Justice Kennedy’s “Heavy Burden of Justification”
This is a post on behalf of Professor Elizabeth Weeks at the University of Georgia Law School, whom I invited to join us but is having trouble getting her essay up here.
The Respondents’ hour of argument over the constitutionality of the individual mandate this morning was divided between Paul Clement, representing the twenty-six state plaintiffs, and Michael Carvin, representing the National Federation of Independent Businesses (NFIB) and four individual members of that organization. Media attention rightly has focused on the remarkable occasion of a majority of states challenging the constitutionality of a federal law in the Supreme Court. The individual and association plaintiffs have not made headlines, except for the irony of the lead individual plaintiff declaring personal bankruptcy, due to unpaid medical bills, during the pendency of the appeal.
At first blush, it is not immediately apparent what interest states have in the individual mandate. The mandate is enacted under federal law, carries a federal tax penalty for noncompliance, and will be enforced by federal authorities. Medicaid certainly impacts state’s interests, but that’s tomorrow’s argument. Bear in mind that the only way that the states were properly before the Court today – their ticket to the Big Dance – was the presence of the NFIB and individual plaintiffs. The Fourth Circuit, on Virginia’s go-it-alone challenge to the individual mandate, dismissed the Commonwealth for lack of standing. The state plaintiffs rode into the courthouse on the individuals’ and association’s coattails.
The further irony of this posture is that the essential constitutional argument against the individual mandate turns on the power of the federal government with respect to states, not with respect to individuals. Or so it seemed until Justice Kennedy began questioning the litigants today.
On a visceral level, the individuals’ and association’s objections to the mandate seem straight-forward: They assert a right to be left alone, a right not to be told how to spend their money, a right not to enter any particular commercial transaction. Post-Lochner, however, economic liberties do not receive robust protection, and government intrusions on them are subject only to low-level scrutiny, which the individual mandate likely would survive.

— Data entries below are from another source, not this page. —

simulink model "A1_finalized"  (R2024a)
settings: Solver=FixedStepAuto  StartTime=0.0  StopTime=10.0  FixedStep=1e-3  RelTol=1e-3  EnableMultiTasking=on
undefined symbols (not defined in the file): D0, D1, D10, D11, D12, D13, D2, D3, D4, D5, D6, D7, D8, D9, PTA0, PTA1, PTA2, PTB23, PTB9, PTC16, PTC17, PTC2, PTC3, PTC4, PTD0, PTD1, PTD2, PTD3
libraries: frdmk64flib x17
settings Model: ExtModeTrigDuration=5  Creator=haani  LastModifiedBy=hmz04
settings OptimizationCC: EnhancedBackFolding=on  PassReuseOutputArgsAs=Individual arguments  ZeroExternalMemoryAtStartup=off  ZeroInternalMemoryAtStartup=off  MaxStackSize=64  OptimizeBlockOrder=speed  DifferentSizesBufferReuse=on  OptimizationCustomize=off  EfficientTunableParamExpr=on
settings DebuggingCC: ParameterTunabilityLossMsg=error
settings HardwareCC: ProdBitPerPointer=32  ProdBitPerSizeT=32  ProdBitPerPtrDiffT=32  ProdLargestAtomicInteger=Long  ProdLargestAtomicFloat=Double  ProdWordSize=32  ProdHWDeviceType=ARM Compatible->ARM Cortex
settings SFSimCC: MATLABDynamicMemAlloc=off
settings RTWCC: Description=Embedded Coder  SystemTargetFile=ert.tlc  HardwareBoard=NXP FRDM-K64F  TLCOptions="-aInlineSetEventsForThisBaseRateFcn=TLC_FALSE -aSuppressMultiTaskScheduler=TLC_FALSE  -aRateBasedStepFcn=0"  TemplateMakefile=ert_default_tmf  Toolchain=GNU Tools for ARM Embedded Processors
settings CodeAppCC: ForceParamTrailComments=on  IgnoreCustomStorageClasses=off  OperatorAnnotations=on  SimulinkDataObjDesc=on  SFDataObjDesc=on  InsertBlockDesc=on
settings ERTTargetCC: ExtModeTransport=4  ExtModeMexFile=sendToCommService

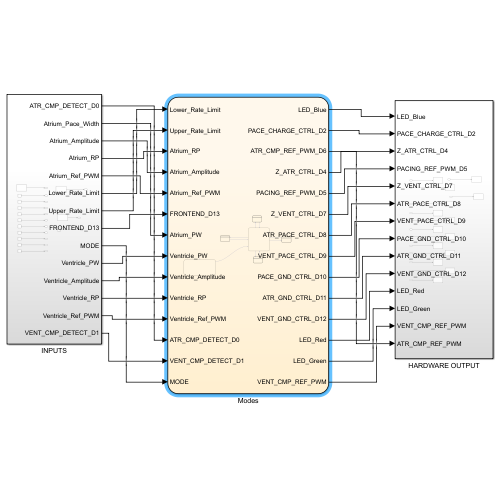
[thumbnail: Simulink's stored preview of the top-level diagram]
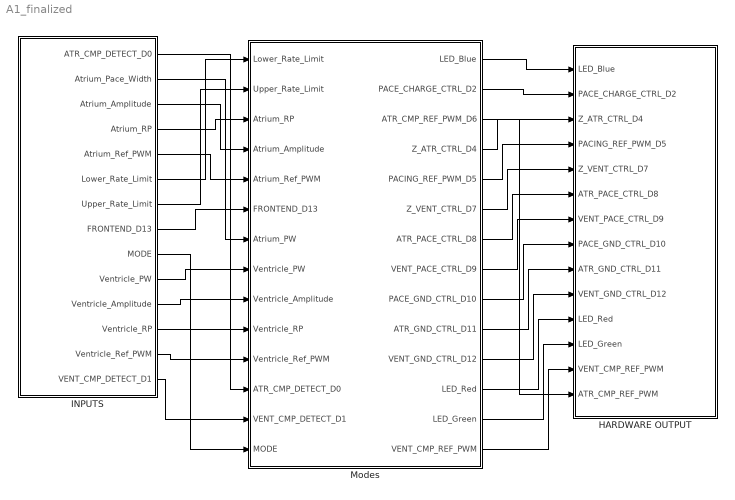
== system A1_finalized ==
  HARDWARE OUTPUT : Subsystem
  INPUTS : Subsystem
  Modes : Stateflow chart  TreatAsAtomicUnit=on
  wires:
  Modes/1(LED_Blue) -> HARDWARE OUTPUT/1(LED_Blue)
  Modes/2(PACE_CHARGE_CTRL_D2) -> HARDWARE OUTPUT/2(PACE_CHARGE_CTRL_D2)
  Modes/4(Z_ATR_CTRL_D4) -> HARDWARE OUTPUT/3(Z_ATR_CTRL_D4)
  Modes/5(PACING_REF_PWM_D5) -> HARDWARE OUTPUT/4(PACING_REF_PWM_D5)
  Modes/6(Z_VENT_CTRL_D7) -> HARDWARE OUTPUT/5(Z_VENT_CTRL_D7)
  Modes/7(ATR_PACE_CTRL_D8) -> HARDWARE OUTPUT/6(ATR_PACE_CTRL_D8)
  Modes/8(VENT_PACE_CTRL_D9) -> HARDWARE OUTPUT/7(VENT_PACE_CTRL_D9)
  Modes/9(PACE_GND_CTRL_D10) -> HARDWARE OUTPUT/8(PACE_GND_CTRL_D10)
  Modes/10(ATR_GND_CTRL_D11) -> HARDWARE OUTPUT/9(ATR_GND_CTRL_D11)
  Modes/11(VENT_GND_CTRL_D12) -> HARDWARE OUTPUT/10(VENT_GND_CTRL_D12)
  INPUTS/1(ATR_CMP_DETECT_D0) -> Modes/12(ATR_CMP_DETECT_D0)
  INPUTS/6(Lower_Rate_Limit) -> Modes/1(Lower_Rate_Limit)
  INPUTS/7(Upper_Rate_Limit) -> Modes/2(Upper_Rate_Limit)
  INPUTS/2(Atrium_Pace_Width) -> Modes/7(Atrium_PW)
  INPUTS/3(Atrium_Amplitude) -> Modes/4(Atrium_Amplitude)
  INPUTS/4(Atrium_RP) -> Modes/3(Atrium_RP)
  INPUTS/5(Atrium_Ref_PWM) -> Modes/5(Atrium_Ref_PWM)
  Modes/12(LED_Red) -> HARDWARE OUTPUT/11(LED_Red)
  Modes/13(LED_Green) -> HARDWARE OUTPUT/12(LED_Green)
  INPUTS/8(FRONTEND_D13) -> Modes/6(FRONTEND_D13)
  Modes/3(ATR_CMP_REF_PWM_D6) -> HARDWARE OUTPUT/14(ATR_CMP_REF_PWM)
  INPUTS/10(Ventricle_PW) -> Modes/8(Ventricle_PW)
  INPUTS/9(" MODE") -> Modes/14(MODE)
  INPUTS/11(Ventricle_Amplitude) -> Modes/9(Ventricle_Amplitude)
  INPUTS/12(Ventricle_RP) -> Modes/10(Ventricle_RP)
  INPUTS/13(Ventricle_Ref_PWM) -> Modes/11(Ventricle_Ref_PWM)
  INPUTS/14(VENT_CMP_DETECT_D1) -> Modes/13(VENT_CMP_DETECT_D1)
  Modes/14(VENT_CMP_REF_PWM) -> HARDWARE OUTPUT/13(VENT_CMP_REF_PWM)

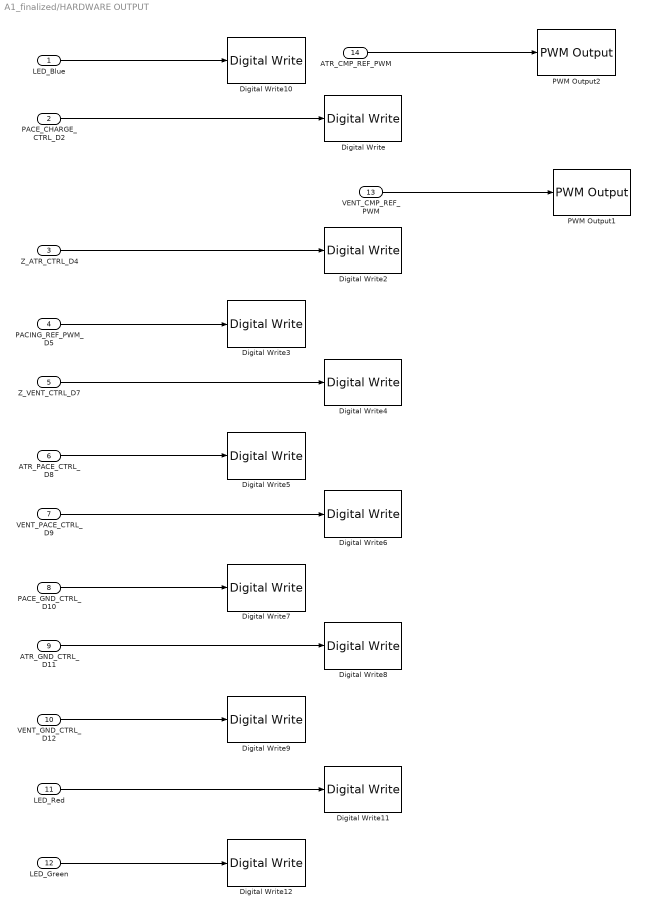
== system A1_finalized/HARDWARE OUTPUT ==
  LED_Blue : Inport
  PACE_CHARGE_CTRL_D2 : Inport  Port=2
  Z_ATR_CTRL_D4 : Inport  Port=3
  PACING_REF_PWM_D5 : Inport  Port=4
  Z_VENT_CTRL_D7 : Inport  Port=5
  ATR_PACE_CTRL_D8 : Inport  Port=6
  VENT_PACE_CTRL_D9 : Inport  Port=7
  PACE_GND_CTRL_D10 : Inport  Port=8
  ATR_GND_CTRL_D11 : Inport  Port=9
  VENT_GND_CTRL_D12 : Inport  Port=10
  LED_Red : Inport  Port=11
  LED_Green : Inport  Port=12
  VENT_CMP_REF_PWM : Inport  Port=13
  ATR_CMP_REF_PWM : Inport  Port=14
  Digital Write : frdmk64flib/Digital Write  Whichpin=PTB9 (D2)
  Digital Write10 : frdmk64flib/Digital Write  Whichpin=BLUE_LED
  Digital Write11 : frdmk64flib/Digital Write  Whichpin=RED_LED
  Digital Write12 : frdmk64flib/Digital Write  Whichpin=GREEN_LED
  Digital Write2 : frdmk64flib/Digital Write  Whichpin=PTB23 (D4)
  Digital Write3 : frdmk64flib/Digital Write  Whichpin=PTA2 (D5)
  Digital Write4 : frdmk64flib/Digital Write  Whichpin=PTC3 (D7)
  Digital Write5 : frdmk64flib/Digital Write  Whichpin=PTA0 (D8)
  Digital Write6 : frdmk64flib/Digital Write  Whichpin=PTC4 (D9)
  Digital Write7 : frdmk64flib/Digital Write  Whichpin=PTD0 (D10)
  Digital Write8 : frdmk64flib/Digital Write  Whichpin=PTD2 (D11)
  Digital Write9 : frdmk64flib/Digital Write  Whichpin=PTD3 (D12)
  PWM Output1 : frdmk64flib/PWM Output  Whichpin=PTA1 (D3)  InitialFrequency=2000  InitialDutyCycle=0
  PWM Output2 : frdmk64flib/PWM Output  Whichpin=PTC2 (D6)  InitialFrequency=2000  InitialDutyCycle=0
  wires:
  LED_Blue/1 -> Digital Write10/1
  PACE_CHARGE_CTRL_D2/1 -> Digital Write/1
  Z_ATR_CTRL_D4/1 -> Digital Write2/1
  PACING_REF_PWM_D5/1 -> Digital Write3/1
  Z_VENT_CTRL_D7/1 -> Digital Write4/1
  ATR_GND_CTRL_D11/1 -> Digital Write8/1
  PACE_GND_CTRL_D10/1 -> Digital Write7/1
  ATR_PACE_CTRL_D8/1 -> Digital Write5/1
  VENT_PACE_CTRL_D9/1 -> Digital Write6/1
  VENT_GND_CTRL_D12/1 -> Digital Write9/1
  LED_Green/1 -> Digital Write12/1
  LED_Red/1 -> Digital Write11/1
  VENT_CMP_REF_PWM/1 -> PWM Output1/1
  ATR_CMP_REF_PWM/1 -> PWM Output2/1

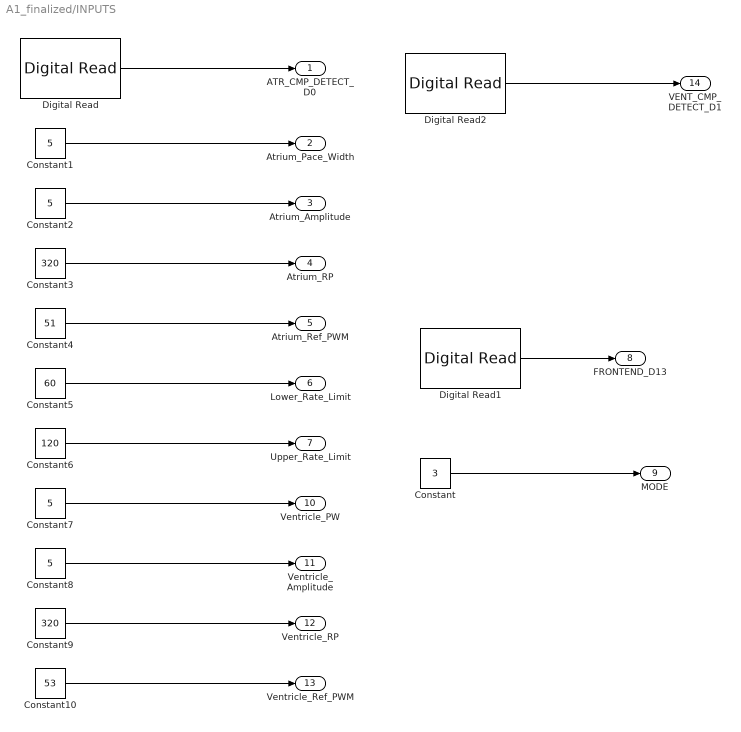
== system A1_finalized/INPUTS ==
  Constant : Constant  Value=3
  Constant{1..2,7..8} (4 alike) : Constant  Value=5  OutDataTypeStr=int16
  Constant10 : Constant  Value=53  OutDataTypeStr=int16
  Constant3 : Constant  Value=320  OutDataTypeStr=int16
  Constant4 : Constant  Value=51  OutDataTypeStr=int16
  Constant5 : Constant  Value=60  OutDataTypeStr=int16
  Constant6 : Constant  Value=120  OutDataTypeStr=int16
  Constant9 : Constant  Value=320  OutDataTypeStr=int16
  Digital Read : frdmk64flib/Digital Read  Whichpin=PTC16 (D0)  SampleTime=-1
  Digital Read1 : frdmk64flib/Digital Read  Whichpin=PTD1 (D13)  SampleTime=-1
  Digital Read2 : frdmk64flib/Digital Read  Whichpin=PTC17 (D1)  SampleTime=-1
  ATR_CMP_DETECT_D0 : Outport
  Atrium_Pace_Width : Outport  Port=2  OutDataTypeStr=int16
  Atrium_Amplitude : Outport  Port=3  OutDataTypeStr=int16
  Atrium_RP : Outport  Port=4  OutDataTypeStr=int16
  Atrium_Ref_PWM : Outport  Port=5  OutDataTypeStr=int16
  Lower_Rate_Limit : Outport  Port=6  OutDataTypeStr=int16
  Upper_Rate_Limit : Outport  Port=7  OutDataTypeStr=int16
  FRONTEND_D13 : Outport  Port=8
  " MODE" : Outport  Port=9
  Ventricle_PW : Outport  Port=10  OutDataTypeStr=int16
  Ventricle_Amplitude : Outport  Port=11  OutDataTypeStr=int16
  Ventricle_RP : Outport  Port=12  OutDataTypeStr=int16
  Ventricle_Ref_PWM : Outport  Port=13  OutDataTypeStr=int16
  VENT_CMP_DETECT_D1 : Outport  Port=14
  wires:
  Digital Read/1 -> ATR_CMP_DETECT_D0/1
  Constant1/1 -> Atrium_Pace_Width/1
  Constant2/1 -> Atrium_Amplitude/1
  Constant3/1 -> Atrium_RP/1
  Constant4/1 -> Atrium_Ref_PWM/1
  Constant5/1 -> Lower_Rate_Limit/1
  Constant6/1 -> Upper_Rate_Limit/1
  Digital Read1/1 -> FRONTEND_D13/1
  Constant/1 -> " MODE"/1
  Constant8/1 -> Ventricle_Amplitude/1
  Constant10/1 -> Ventricle_Ref_PWM/1
  Constant9/1 -> Ventricle_RP/1
  Constant7/1 -> Ventricle_PW/1
  Digital Read2/1 -> VENT_CMP_DETECT_D1/1

== stateflow chart A1_finalized/Modes ==
  state VVI
    state Refractory
      entry:
      PACING_REF_PWM_D5 = 100*(Ventricle_Amplitude/5)
      PACE_CHARGE_CTRL_D2=1;
      PACE_GND_CTRL_D10=1;
      VENT_PACE_CTRL_D9=0;
      Z_ATR_CTRL_D4=0;
      Z_VENT_CTRL_D7=0;
      ATR_PACE_CTRL_D8=0;
      ATR_GND_CTRL_D11=0;
      VENT_GND_CTRL_D12=1;
      VENT_CMP_REF_PWM= Ventricle_Ref_PWM;
      %Visual Signal
      LED_Blue=0;
      Period=60000/(Lower_Rate_Limit)
    state Pace
      entry:
      PACING_REF_PWM_D5=0
      PACE_CHARGE_CTRL_D2=0;
      PACE_GND_CTRL_D10=1;
      ATR_PACE_CTRL_D8=0;
      ATR_GND_CTRL_D11=0;
      Z_ATR_CTRL_D4=0;
      Z_VENT_CTRL_D7=0;
      VENT_GND_CTRL_D12=0;
      VENT_PACE_CTRL_D9=1;
      %Visual Signal
      LED_Blue=1;
      LED_Green=0;
    state Sense
      entry:
      LED_Green = 1;
    VVI.Pace -> VVI.Refractory : [after(Ventricle_PW,msec)]
    (default) -> VVI.Refractory
    VVI.Refractory -> VVI.Sense : [after(Ventricle_RP,msec)]
    VVI.Sense -> VVI.Pace [order 1] : [after(Period-Ventricle_RP-Ventricle_PW,msec)]
    VVI.Sense -> VVI.Refractory [order 2] : [VENT_CMP_DETECT_D1 == 1]
  state Mode
    %Reset everything
    entry:
    LED_Red  = 0;
    ATR_PACE_CTRL_D8 = 0;
    ATR_GND_CTRL_D11 = 0;
    VENT_GND_CTRL_D12 = 0;
    VENT_PACE_CTRL_D9 = 0;
    Z_ATR_CTRL_D4 = 0;
    Z_VENT_CTRL_D7 = 0;
    ATR_CMP_REF_PWM_D6 = 0;
    VENT_CMP_REF_PWM= 0;
    PACE_GND_CTRL_D10 = 0;
    PACE_CHARGE_CTRL_D2 = 0;
  state VOO
    state ChargeDischarge
      entry:
      %DISCHARGE C21 (resets everything)
      PACE_GND_CTRL_D10 = 1;
      ATR_GND_CTRL_D11 = 0;
      VENT_GND_CTRL_D12 = 1;
      VENT_PACE_CTRL_D9 = 0;
      ATR_PACE_CTRL_D8 = 0;
      Z_ATR_CTRL_D4 = 0;
      Z_VENT_CTRL_D7 = 0;
      %CHARGE C22 (prepare for next pulse)
      PACE_CHARGE_CTRL_D2=1;
      PACING_REF_PWM_D5 = Ventricle_Amplitude;
      %VISUAL SIGNAL
      LED_Blue = 0;
      %TIMING
      STANDBY_PERIOD = 30000/(Lower_Rate_Limit);
    state Pace1
      entry:
      %PROPER GND + TRIGGER PACE
      PACE_GND_CTRL_D10 = 1;
      ATR_GND_CTRL_D11 = 0;
      VENT_GND_CTRL_D12 = 0;
      VENT_PACE_CTRL_D9 = 1;
      ATR_PACE_CTRL_D8 = 0;
      Z_ATR_CTRL_D4 = 0;
      Z_VENT_CTRL_D7 = 0;
      PACE_CHARGE_CTRL_D2=0;
      PACING_REF_PWM_D5 = 0;
      %VISUAL SIGNAL
      LED_Blue = 1;
    (default) -> VOO.ChargeDischarge
    Pace1 -> VOO.ChargeDischarge : [after(Ventricle_PW,msec)]
    VOO.ChargeDischarge -> Pace1 : [after(STANDBY_PERIOD,msec)]
  state AAI
    state Pace
      entry:
      PACING_REF_PWM_D5=0
      PACE_CHARGE_CTRL_D2=0;
      PACE_GND_CTRL_D10=1;
      ATR_PACE_CTRL_D8=1;
      ATR_GND_CTRL_D11=0;
      Z_ATR_CTRL_D4=0;
      Z_VENT_CTRL_D7=0;
      VENT_GND_CTRL_D12=0;
      VENT_PACE_CTRL_D9=0;
      %Visual Signal
      LED_Blue=1;
      LED_Green = 0;
    state Refractory
      entry:
      PACING_REF_PWM_D5 = 100*(Atrium_Amplitude/5)
      PACE_CHARGE_CTRL_D2=1;
      PACE_GND_CTRL_D10=1;
      VENT_PACE_CTRL_D9=0;
      Z_ATR_CTRL_D4=0;
      Z_VENT_CTRL_D7=0;
      ATR_PACE_CTRL_D8=0;
      ATR_GND_CTRL_D11=1;
      VENT_GND_CTRL_D12=0;
      ATR_CMP_REF_PWM_D6= Atrium_Ref_PWM;
      %Visual Signal
      LED_Blue=0;
      Period=60000/(Lower_Rate_Limit)
    state Sense
      entry:
      LED_Green = 1;
    AAI.Pace -> AAI.Refractory : [after(Atrium_PW,msec)]
    (default) -> AAI.Refractory
    AAI.Refractory -> AAI.Sense : [after(Atrium_RP,msec)]
    AAI.Sense -> AAI.Pace [order 1] : [after(Period-Atrium_RP-Atrium_PW,msec)]
    AAI.Sense -> AAI.Refractory [order 2] : [ATR_CMP_DETECT_D0 == 1]
  state AOO
    state ChargeDischarge
      entry:
      %DISCHARGE C21 (resets everything)
      PACE_GND_CTRL_D10 = 1;
      ATR_GND_CTRL_D11 = 1;
      VENT_GND_CTRL_D12 = 0;
      VENT_PACE_CTRL_D9 = 0;
      ATR_PACE_CTRL_D8 = 0;
      Z_ATR_CTRL_D4 = 0;
      Z_VENT_CTRL_D7 = 0;
      %CHARGE C22 (prepare for next pulse)
      PACE_CHARGE_CTRL_D2=1;
      PACING_REF_PWM_D5 = Atrium_Amplitude;
      %VISUAL SIGNAL
      LED_Blue = 0;
      %TIMING
      STANDBY_PERIOD = 30000/(Lower_Rate_Limit);
    state Pace
      entry:
      %PROPER GND + TRIGGER PACE
      PACE_GND_CTRL_D10 = 1;
      ATR_GND_CTRL_D11 = 0;
      VENT_GND_CTRL_D12 = 0;
      VENT_PACE_CTRL_D9 = 0;
      ATR_PACE_CTRL_D8 = 1;
      Z_ATR_CTRL_D4 = 0;
      Z_VENT_CTRL_D7 = 0;
      PACE_CHARGE_CTRL_D2=0;
      PACING_REF_PWM_D5 = 0;
      %VISUAL SIGNAL
      LED_Blue = 1;
    (default) -> AOO.ChargeDischarge
    AOO.Pace -> AOO.ChargeDischarge : [after(Atrium_PW,msec)]
    AOO.ChargeDischarge -> AOO.Pace : [after(STANDBY_PERIOD,msec)]
  state Safety
    %LED turns red if any of the user input values are unsafe
    entry:
    LED_Red = 1;
  Mode -> VVI [order 4] : [MODE==3]
  VVI -> Mode : [MODE~=3]
  Mode -> VOO [order 2] : [MODE==2]
  AAI -> Mode : [MODE~=4]
  VOO -> Mode : [MODE~=2]
  Mode -> AAI [order 3] : [MODE==4]
  Safety -> Mode : [Lower_Rate_Limit < 175 && Atrium_Amplitude < 7 && Ventricle_Amplitude < 7  && Atrium_RP <= 500 && Ventricle_RP <= 500 && Atrium_RP >= 150 && Ventricle_RP >= 150]
  Mode -> AOO [order 1] : [MODE==1]
  AOO -> Mode : [MODE~=1]
  (default) -> Safety
  data: LED_Blue output double; PACE_CHARGE_CTRL_D2 output double; ATR_CMP_REF_PWM_D6 output int16; Z_ATR_CTRL_D4 output double; PACING_REF_PWM_D5 output int16; Z_VENT_CTRL_D7 output double; ATR_PACE_CTRL_D8 output double; VENT_PACE_CTRL_D9 output double; PACE_GND_CTRL_D10 output double; ATR_GND_CTRL_D11 output double; VENT_GND_CTRL_D12 output double; Lower_Rate_Limit input int16; Upper_Rate_Limit input int16; Atrium_RP input int16; Atrium_Amplitude input int16; Atrium_Ref_PWM input; FRONTEND_D13 input; Atrium_PW input int16; Ventricle_PW input; Ventricle_Amplitude input; Ventricle_RP input; Ventricle_Ref_PWM input; ATR_CMP_DETECT_D0 input; VENT_CMP_DETECT_D1 input; LED_Red output double; LED_Green output double; Standby_Period local; MODE input; Period local; STANDBY_PERIOD local; VENT_CMP_REF_PWM output

Personal autonomy and medical decisionmaking claims also unavailing because the mandate does not require individuals to receive any particular medical treatment. Nor does the ACA require individuals to seek medical care the health insurance policies that they purchase; it merely requires the purchase of health insurance. In fact, from a risk-pooling perspective, it is all the better if individuals purchase health insurance policies but do not actually use them.
Accordingly, individual rights claims, while politically salient and arguably sympathetic, seemed like losing constitutional arguments. ACA challengers instead claimed that the mandate is unconstitutional because Congress exceeded the scope of federal enumerated powers vis-à-vis states’ reserved powers. But what interest do private individuals and entities have in maintaining the federalist structure of government?
One answer is that the very purpose of diffusing power between a central government and separate sovereign states is to protect individual rights; hence, structural issues necessarily are individual rights issues. Justice Kennedy, writing for the majority in Bond v. United States, noted that “an individual has a direct interest in objecting to laws that upset the constitutional balance between the National Government and the States when the enforcement of those laws causes injury that is concrete, particular, and redressable. Fidelity to principles of federalism is not for the States alone to vindicate.” Although involving a very different statute and a very different sort of injury, Bond infuses the Tenth Amendment with cognizable individual rights.
Several of Justice Kennedy’s questions bring the underlying individual rights objections to the health insurance mandate the forefront. He repeatedly expressed concern that the mandate effects a “fundamental” change in the relationship between the federal government and individuals and thus requires a “heavy burden of justification.” He observed that the mandate operates as an unprecedented “affirmative duty to go into commerce.” He compared the mandate to the no-duty rule in torts and urged that “the reason this is concerning is because it requires the individual to do an affirmative act.” Summarizing his understanding of the U.S. Government’s argument, Justice Kennedy questioned Clement about the relevance of the “person who is sitting at home in his or her living room doing nothing” to the health insurance system.
Later, during Carvin’s argument, Justice Breyer tried to shift focus away from the individual rights issue and back to the scope of federal power: “So I thought the issue here is not whether it’s a violation of some basic right or something to make people buy things they don’t want, but simply whether those decisions of that group of 40 million [uninsured] people substantially affect the interstate commerce that has been set up in part through these other programs.”
The “heavy burden of justification” that Kennedy would demand seems to be effectively no-scrutiny review for federal interference with individual rights. The individual and association plaintiffs, by asserting commerce or taxing power challenges to the individual mandate, effectively elevate their libertarian objections from easily overcome rational-relation scrutiny to effectively no scrutiny at all. If a federal law exceeds enumerated powers, Congress may not enact it, no matter how good its reasons. By contrast, a substantive due process challenge would at least allow Congress to justify its reasons for infringing on otherwise constitutionally protected rights.